# Boycie is home



## erinafare (Dec 9, 2012)

All went better than expected. Has already humped my foot. They are following each other around.


----------



## dio.ren (Jan 18, 2013)

How cute! He is so tiny


----------



## erinafare (Dec 9, 2012)

He is so feisty he and Poppy haven't stopped playing.
Boycie has just fallen asleep on the rug. Trying to post a video x


----------



## erinafare (Dec 9, 2012)

Peace at last


----------



## dio.ren (Jan 18, 2013)

erinafare said:


> Peace at last


How cute Poppy seems to be keeping an eye on him to make sure he behaves


----------



## arlo (Mar 11, 2013)

Congratulations on your new baby boy Glad it is going so well, love the photo of him asleep, Poppy looks so big. Good luck tonight, enjoy these wonderful puppy days.


----------



## erinafare (Dec 9, 2012)

It is heaven he is now asleep next to me with his little head resting on my thigh just how Poppy sleeps x


----------



## Yogi bear (Feb 25, 2013)

Aww how cute is Boycie! Lovely! Congrats and enjoy! X


----------



## Lottierachel (Mar 3, 2013)

How brilliant that he's so brave!! My biggest worry about having two would be that I'd have to constantly intervene between a playful Tilly and a terrified puppy.

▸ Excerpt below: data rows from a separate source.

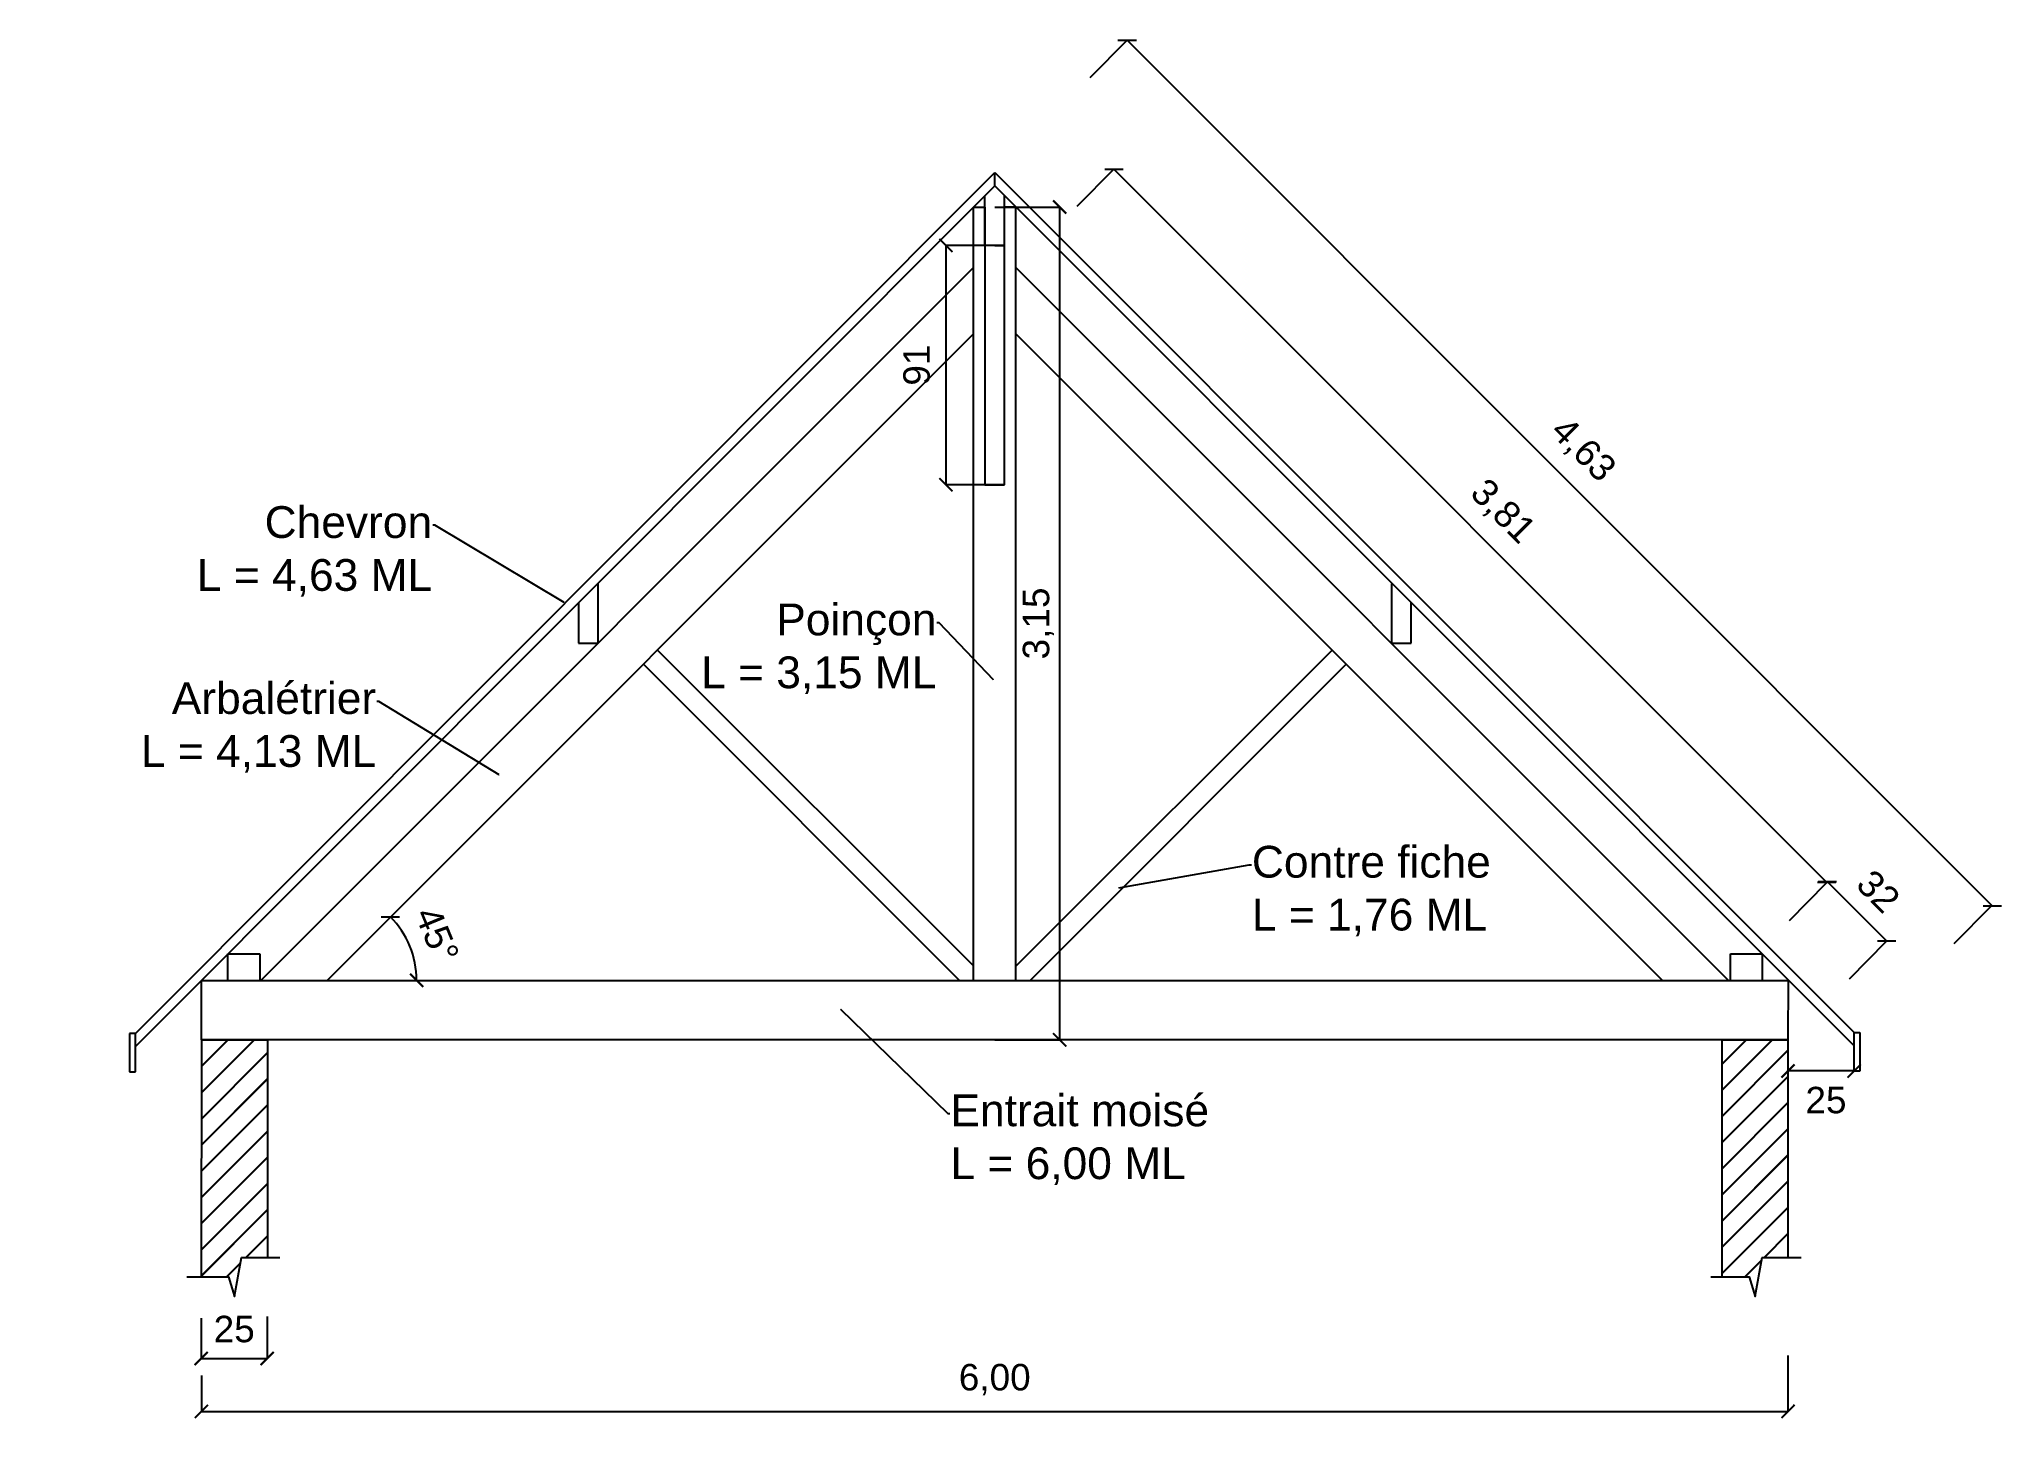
# Model space of a CAD drawing. Header units: millimetres. Extents: x 337 to 7759, y -184 to 5032.
import ezdxf
from ezdxf import colors
from ezdxf.entities.mleader import LeaderData, LeaderLine
from ezdxf.math import Vec2, Vec3

# ---------------------------------------------------------------- set-up
doc = ezdxf.new("R2010")
doc.units = ezdxf.units.MM
doc.styles.get("Standard").update_dxf_attribs({"font": 'Arial.ttf'})
doc.dimstyles.new('Perso CM', dxfattribs={"dimtxt": 100, "dimasz": 50, "dimexe": 1.25, "dimexo": 0.625, "dimgap": 60, "dimtad": 4, "dimdec": 0, "dimlfac": 0.1, "dimtxsty": 'Standard', "dimblk": 'ARCHTICK', "dimblk1": 'ARCHTICK', "dimblk2": 'ARCHTICK', "dimcen": 2.5, "dimadec": 0, "dimazin": 0, "dimtfac": 1, "dimtdec": 0, "dimtmove": 0, "dimatfit": 3, "dimfxl": 1, "dimarcsym": 0})
doc.dimstyles.new('Perso M', dxfattribs={"dimtxt": 100, "dimasz": 50, "dimexe": 1.25, "dimexo": 0.625, "dimgap": 60, "dimtad": 1, "dimlfac": 0.001, "dimtxsty": 'Standard', "dimblk": 'ARCHTICK', "dimblk1": 'ARCHTICK', "dimblk2": 'ARCHTICK', "dimcen": 2.5, "dimadec": 0, "dimazin": 0, "dimtfac": 1, "dimtmove": 0, "dimatfit": 3, "dimfxl": 1, "dimarcsym": 0})

# ---------------------------------------------------------------- blocks, each defined once
blk = doc.blocks.new('_ArchTick')
at = {"color": 0, "linetype": 'ByBlock', "const_width": 0.15}
blk.add_lwpolyline([(-0.5, -0.5), (0.5, 0.5)], dxfattribs=at)
blk = doc.blocks.new('*D3')
at = {"color": 0, "lineweight": -2, "transparency": 16777216}
for p, q in [((6950.6, 1131.1), (6950.6, 1132)), ((7200.8, 1130.7), (6950.6, 1130.7)), ((7200.8, 1131.1), (7200.8, 1132))]:
    blk.add_line(p, q, dxfattribs=at)
at = {"layer": 'DEFPOINTS', "color": 0, "transparency": 16777216}
for p in [(6950.6, 1130.7), (6950.6, 1130.5), (7200.8, 1130.5)]:
    blk.add_point(p, dxfattribs=at)
at = {"color": 0, "lineweight": -2, "transparency": 16777216, "xscale": 50, "yscale": 50, "zscale": 50, "rotation": 180}
blk.add_blockref('_ArchTick', (6950.6, 1130.7), dxfattribs=at)
at = {"color": 0, "lineweight": -2, "transparency": 16777216, "xscale": 50, "yscale": 50, "zscale": 50}
blk.add_blockref('_ArchTick', (7200.8, 1130.7), dxfattribs=at)
at = {"color": 0, "transparency": 16777216, "insert": (7094.2, 1020), "char_height": 100, "attachment_point": 5}
blk.add_mtext('25', dxfattribs=at)
blk = doc.blocks.new('*D4')
at = {"color": 0, "lineweight": -2, "transparency": 16777216}
for p, q in [((6950.6, 55.4), (6950.6, -157.9)), ((950.6, -20.5), (950.6, -157.9)), ((950.6, -156.6), (6950.6, -156.6))]:
    blk.add_line(p, q, dxfattribs=at)
at = {"layer": 'DEFPOINTS', "color": 0, "transparency": 16777216}
for p in [(6950.6, 56), (950.6, -19.9), (6950.6, -156.6)]:
    blk.add_point(p, dxfattribs=at)
at = {"color": 0, "lineweight": -2, "transparency": 16777216, "xscale": 50, "yscale": 50, "zscale": 50, "rotation": 180}
blk.add_blockref('_ArchTick', (950.6, -156.6), dxfattribs=at)
at = {"color": 0, "lineweight": -2, "transparency": 16777216, "xscale": 50, "yscale": 50, "zscale": 50}
blk.add_blockref('_ArchTick', (6950.6, -156.6), dxfattribs=at)
at = {"color": 0, "transparency": 16777216, "insert": (3950.6, -36.4), "char_height": 100, "width": 68.213, "attachment_point": 5}
blk.add_mtext('6,00', dxfattribs=at)
blk = doc.blocks.new('*D5')
at = {"color": 0, "lineweight": -2, "transparency": 16777216}
for p, q in [((949.4, 196.4), (949.4, 42.4)), ((1199.2, 202.5), (1199.2, 42.4)), ((949.4, 43.6), (1199.2, 43.6))]:
    blk.add_line(p, q, dxfattribs=at)
at = {"layer": 'DEFPOINTS', "color": 0, "transparency": 16777216}
for p in [(949.4, 197), (1199.2, 203.1), (1199.2, 43.6)]:
    blk.add_point(p, dxfattribs=at)
at = {"color": 0, "lineweight": -2, "transparency": 16777216, "xscale": 50, "yscale": 50, "zscale": 50, "rotation": 180}
blk.add_blockref('_ArchTick', (949.4, 43.6), dxfattribs=at)
at = {"color": 0, "lineweight": -2, "transparency": 16777216, "xscale": 50, "yscale": 50, "zscale": 50}
blk.add_blockref('_ArchTick', (1199.2, 43.6), dxfattribs=at)
at = {"color": 0, "transparency": 16777216, "insert": (1074.3, 154.3), "char_height": 100, "attachment_point": 5}
blk.add_mtext('25', dxfattribs=at)
blk = doc.blocks.new('*D6')
at = {"color": 0, "lineweight": -2, "transparency": 16777216}
blk.add_line((4401.8, 4539.5), (7096.8, 1844.5), dxfattribs=at)
at = {"layer": 'DEFPOINTS', "color": 0, "transparency": 16777216}
for p in [(4030.7, 4168.3), (7096.8, 1844.5), (6725.6, 1473.4)]:
    blk.add_point(p, dxfattribs=at)
at = {"color": 0, "lineweight": -2, "transparency": 16777216, "xscale": 50, "yscale": 50, "zscale": 50}
for p, rotation in [((4401.8, 4539.5), 135), ((7096.8, 1844.5), 315)]:
    blk.add_blockref('_ArchTick', p, dxfattribs=dict(at, rotation=rotation))
at = {"color": 0, "transparency": 16777216, "insert": (5868.4, 3242.9), "char_height": 100, "attachment_point": 5, "rotation": 315}
blk.add_mtext('3,81', dxfattribs=at)
blk = doc.blocks.new('*D7')
at = {"color": 0, "lineweight": -2, "transparency": 16777216}
for p, q in [((7098.2, 1845.9), (7099.8, 1847.5)), ((7323.9, 1621.6), (7098.9, 1846.6)), ((7323.2, 1620.9), (7324.8, 1622.5))]:
    blk.add_line(p, q, dxfattribs=at)
at = {"layer": 'DEFPOINTS', "color": 0, "transparency": 16777216}
for p in [(7098.9, 1846.6), (6725.6, 1473.4), (6950.6, 1248.4)]:
    blk.add_point(p, dxfattribs=at)
at = {"color": 0, "lineweight": -2, "transparency": 16777216, "xscale": 50, "yscale": 50, "zscale": 50}
for p, rotation in [((7098.9, 1846.6), 134.9999999999999), ((7323.9, 1621.6), 314.9999999999999)]:
    blk.add_blockref('_ArchTick', p, dxfattribs=dict(at, rotation=rotation))
at = {"color": 0, "transparency": 16777216, "insert": (7292.2, 1809.8), "char_height": 100, "attachment_point": 5, "rotation": 315}
blk.add_mtext('32', dxfattribs=at)
blk = doc.blocks.new('*D8')
at = {"color": 0, "lineweight": -2, "transparency": 16777216}
blk.add_line((4451.5, 5027.9), (7723.7, 1754.1), dxfattribs=at)
at = {"layer": 'DEFPOINTS', "color": 0, "transparency": 16777216}
for p in [(3950.6, 4527.2), (7723.7, 1754.1), (7222.8, 1253.5)]:
    blk.add_point(p, dxfattribs=at)
at = {"color": 0, "lineweight": -2, "transparency": 16777216, "xscale": 50, "yscale": 50, "zscale": 50}
for p, rotation in [((4451.5, 5027.9), 134.9861574057214), ((7723.7, 1754.1), 314.9861574057214)]:
    blk.add_blockref('_ArchTick', p, dxfattribs=dict(at, rotation=rotation))
at = {"color": 0, "transparency": 16777216, "insert": (6172.6, 3476), "char_height": 100, "attachment_point": 5, "rotation": 314.98616}
blk.add_mtext('4,63', dxfattribs=at)
blk = doc.blocks.new('*D9')
at = {"color": 0, "lineweight": -2, "transparency": 16777216}
blk.add_arc((1425.6, 1473.4), 338.7, 0, 45, dxfattribs=at)
at = {"layer": 'DEFPOINTS', "color": 0, "transparency": 16777216}
for p in [(3870.6, 3918.4), (1752.8, 1561), (951, 1473.4), (1425.6, 1473.4), (6951, 1473.4)]:
    blk.add_point(p, dxfattribs=at)
at = {"color": 0, "lineweight": -2, "transparency": 16777216, "xscale": 50, "yscale": 50, "zscale": 50}
for p, rotation in [((1665.1, 1712.8), 135), ((1764.3, 1473.4), 270)]:
    blk.add_blockref('_ArchTick', p, dxfattribs=dict(at, rotation=rotation))
at = {"color": 0, "transparency": 16777216, "insert": (1841.3, 1645.5), "char_height": 100, "attachment_point": 5, "rotation": 292.5}
blk.add_mtext('45°', dxfattribs=at)
blk = doc.blocks.new('*D10')
at = {"color": 0, "lineweight": -2, "transparency": 16777216}
for p, q in [((3987.5, 4252.2), (3764.9, 4252.2)), ((3766.2, 4252.2), (3766.2, 3347.1)), ((3987.5, 3347.1), (3764.9, 3347.1))]:
    blk.add_line(p, q, dxfattribs=at)
at = {"layer": 'DEFPOINTS', "color": 0, "transparency": 16777216}
for p in [(3988.1, 4252.2), (3766.2, 3347.1), (3988.1, 3347.1)]:
    blk.add_point(p, dxfattribs=at)
at = {"color": 0, "lineweight": -2, "transparency": 16777216, "xscale": 50, "yscale": 50, "zscale": 50}
for p, rotation in [((3766.2, 4252.2), 90), ((3766.2, 3347.1), 270)]:
    blk.add_blockref('_ArchTick', p, dxfattribs=dict(at, rotation=rotation))
at = {"color": 0, "transparency": 16777216, "insert": (3655.5, 3799.7), "char_height": 100, "attachment_point": 5, "rotation": 90}
blk.add_mtext('91', dxfattribs=at)
blk = doc.blocks.new('*D11')
at = {"color": 0, "lineweight": -2, "transparency": 16777216}
for p, q in [((3951.3, 4397.1), (4197.5, 4397.1)), ((4196.3, 1248.4), (4196.3, 4397.1)), ((3951.3, 1248.4), (4197.5, 1248.4))]:
    blk.add_line(p, q, dxfattribs=at)
at = {"layer": 'DEFPOINTS', "color": 0, "transparency": 16777216}
for p in [(3950.6, 4397.1), (4196.3, 4397.1), (3950.6, 1248.4)]:
    blk.add_point(p, dxfattribs=at)
at = {"color": 0, "lineweight": -2, "transparency": 16777216, "xscale": 50, "yscale": 50, "zscale": 50}
for p, rotation in [((4196.3, 4397.1), 90), ((4196.3, 1248.4), 270)]:
    blk.add_blockref('_ArchTick', p, dxfattribs=dict(at, rotation=rotation))
at = {"color": 0, "transparency": 16777216, "insert": (4116, 2822.7), "char_height": 100, "attachment_point": 5, "rotation": 90}
blk.add_mtext('3,15', dxfattribs=at)

msp = doc.modelspace()

# ---------------------------------------------------------------- hatches: boundary and pattern name
h = msp.add_hatch()
h.set_pattern_fill('JIS_LC_20', color=256, scale=3.5)
h.paths.add_polyline_path([(1200.648, 1248.359), (950.648, 1248.359), (949.398, 352.271), (1052.863, 352.271), (1075.523, 278.015), (1075.773, 278.702), (1102.062, 425.049), (1200.648, 425.049)])
h.paths.add_polyline_path([(6950.648, 1248.359), (6700.648, 1248.359), (6700.648, 352.614), (6804.113, 352.614), (6826.773, 278.359), (6827.023, 279.046), (6853.312, 425.393), (6950.648, 425.393)])

# ---------------------------------------------------------------- linework, layer by layer
for p, q in [((4451.515, 5027.875), (4310.801, 4885.75)), ((4401.502, 4540.982), (4260.788, 4398.857)), ((700.648, 1272.694), (3950.648, 4527.25)), ((700.648, 1222.694), (3950.648, 4477.25)), ((3950.648, 4477.25), (3950.648, 4527.25)), ((3950.648, 4527.25), (7200.805, 1275.522)), ((3950.648, 4477.264), (7200.805, 1225.522)), ((3870.648, 1473.358), (3870.648, 4397.138)), ((3870.648, 4397.138), (3913.148, 4397.138)), ((3913.148, 4252.25), (3913.148, 4439.697)), ((3913.148, 4397.138), (3913.148, 3347.138)), ((3988.148, 4252.25), (3988.148, 4439.732)), ((4030.648, 4397.138), (3988.148, 4397.138)), ((4030.962, 1473.358), (4030.648, 4397.138)), ((3950.648, 4252.25), (3913.148, 4252.25)), ((3950.648, 4252.25), (3988.148, 4252.25)), ((3988.148, 3347.138), (3988.148, 4252.25)), ((3870.648, 4168.359), (1175.647, 1473.358)), ((4030.672, 4168.334), (6725.648, 1473.358)), ((1425.647, 1473.358), (3870.648, 3918.359)), ((4030.962, 3918.045), (6475.648, 1473.358)), ((3913.148, 3347.138), (3988.148, 3347.138)), ((2450.962, 2973.673), (2449.175, 2973.673)), ((2450.962, 2748.673), (2450.962, 2973.673)), ((5450.962, 2973.045), (5450.962, 2748.045)), ((5450.962, 2973.045), (5454.126, 2973.045)), ((2375.962, 2900.356), (2375.962, 2748.673)), ((5525.962, 2748.045), (5525.962, 2901.175)), ((2375.962, 2748.673), (2450.962, 2748.673)), ((5450.962, 2748.045), (5525.962, 2748.045)), ((3870.967, 1526.386), (2675.135, 2722.218)), ((4030.956, 1526.386), (5226.788, 2722.218)), ((2622.102, 2669.185), (3817.929, 1473.358)), ((5279.821, 2669.185), (4083.995, 1473.358)), ((7095.599, 1840.573), (6954.885, 1698.447)), ((7718.125, 1752.918), (7577.411, 1610.793)), ((1050.822, 1473.358), (1050.822, 1573.358)), ((1050.822, 1573.358), (1170.822, 1573.358)), ((1170.822, 1573.358), (1170.822, 1473.358)), ((6733.136, 1473.358), (6733.136, 1573.358)), ((6733.136, 1573.358), (6853.136, 1573.358)), ((6853.136, 1573.358), (6853.136, 1473.358)), ((7322.247, 1619.926), (7181.533, 1477.801)), ((950.648, 1248.359), (950.962, 1473.358)), ((950.962, 1473.358), (6950.962, 1473.358)), ((6950.962, 1473.358), (6950.648, 1248.359)), ((700.648, 1272.694), (678.648, 1272.694)), ((678.648, 1272.694), (678.648, 1127.694)), ((700.648, 1127.694), (700.648, 1272.694)), ((7200.805, 1275.522), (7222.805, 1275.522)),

So happy for you and your little cockapoo family  keep the photos coming!! X


----------



## dmgalley (Aug 19, 2012)

He is so cute!!!! 

Sent from my SGH-T999 using Tapatalk 2


----------



## wilfiboy (Sep 18, 2010)

Ahhhh congratulations , love how he's already able to use the laptop . At least Poppy can go and have a rest, until he can get on the settee loll. Hope you have a good night xx


----------



## Tinman (Apr 23, 2013)

He does look very sweet - do you think poppy will like been big sis, or will she try to play mum?


----------



## DB1 (Jan 20, 2012)

brilliant, glad they are already getting on, surprised you had time to get pictures on here but glad you did. look forward to hearing more of their adventures - wonder what your hubby would have made of having the 2 there if he was still at home - have a feeling there would have been a fair amount of interesting language!


----------



## Tinman (Apr 23, 2013)

Does your daughter know about boycie yet??


----------



## erinafare (Dec 9, 2012)

Tinman said:


> Does your daughter know about boycie yet??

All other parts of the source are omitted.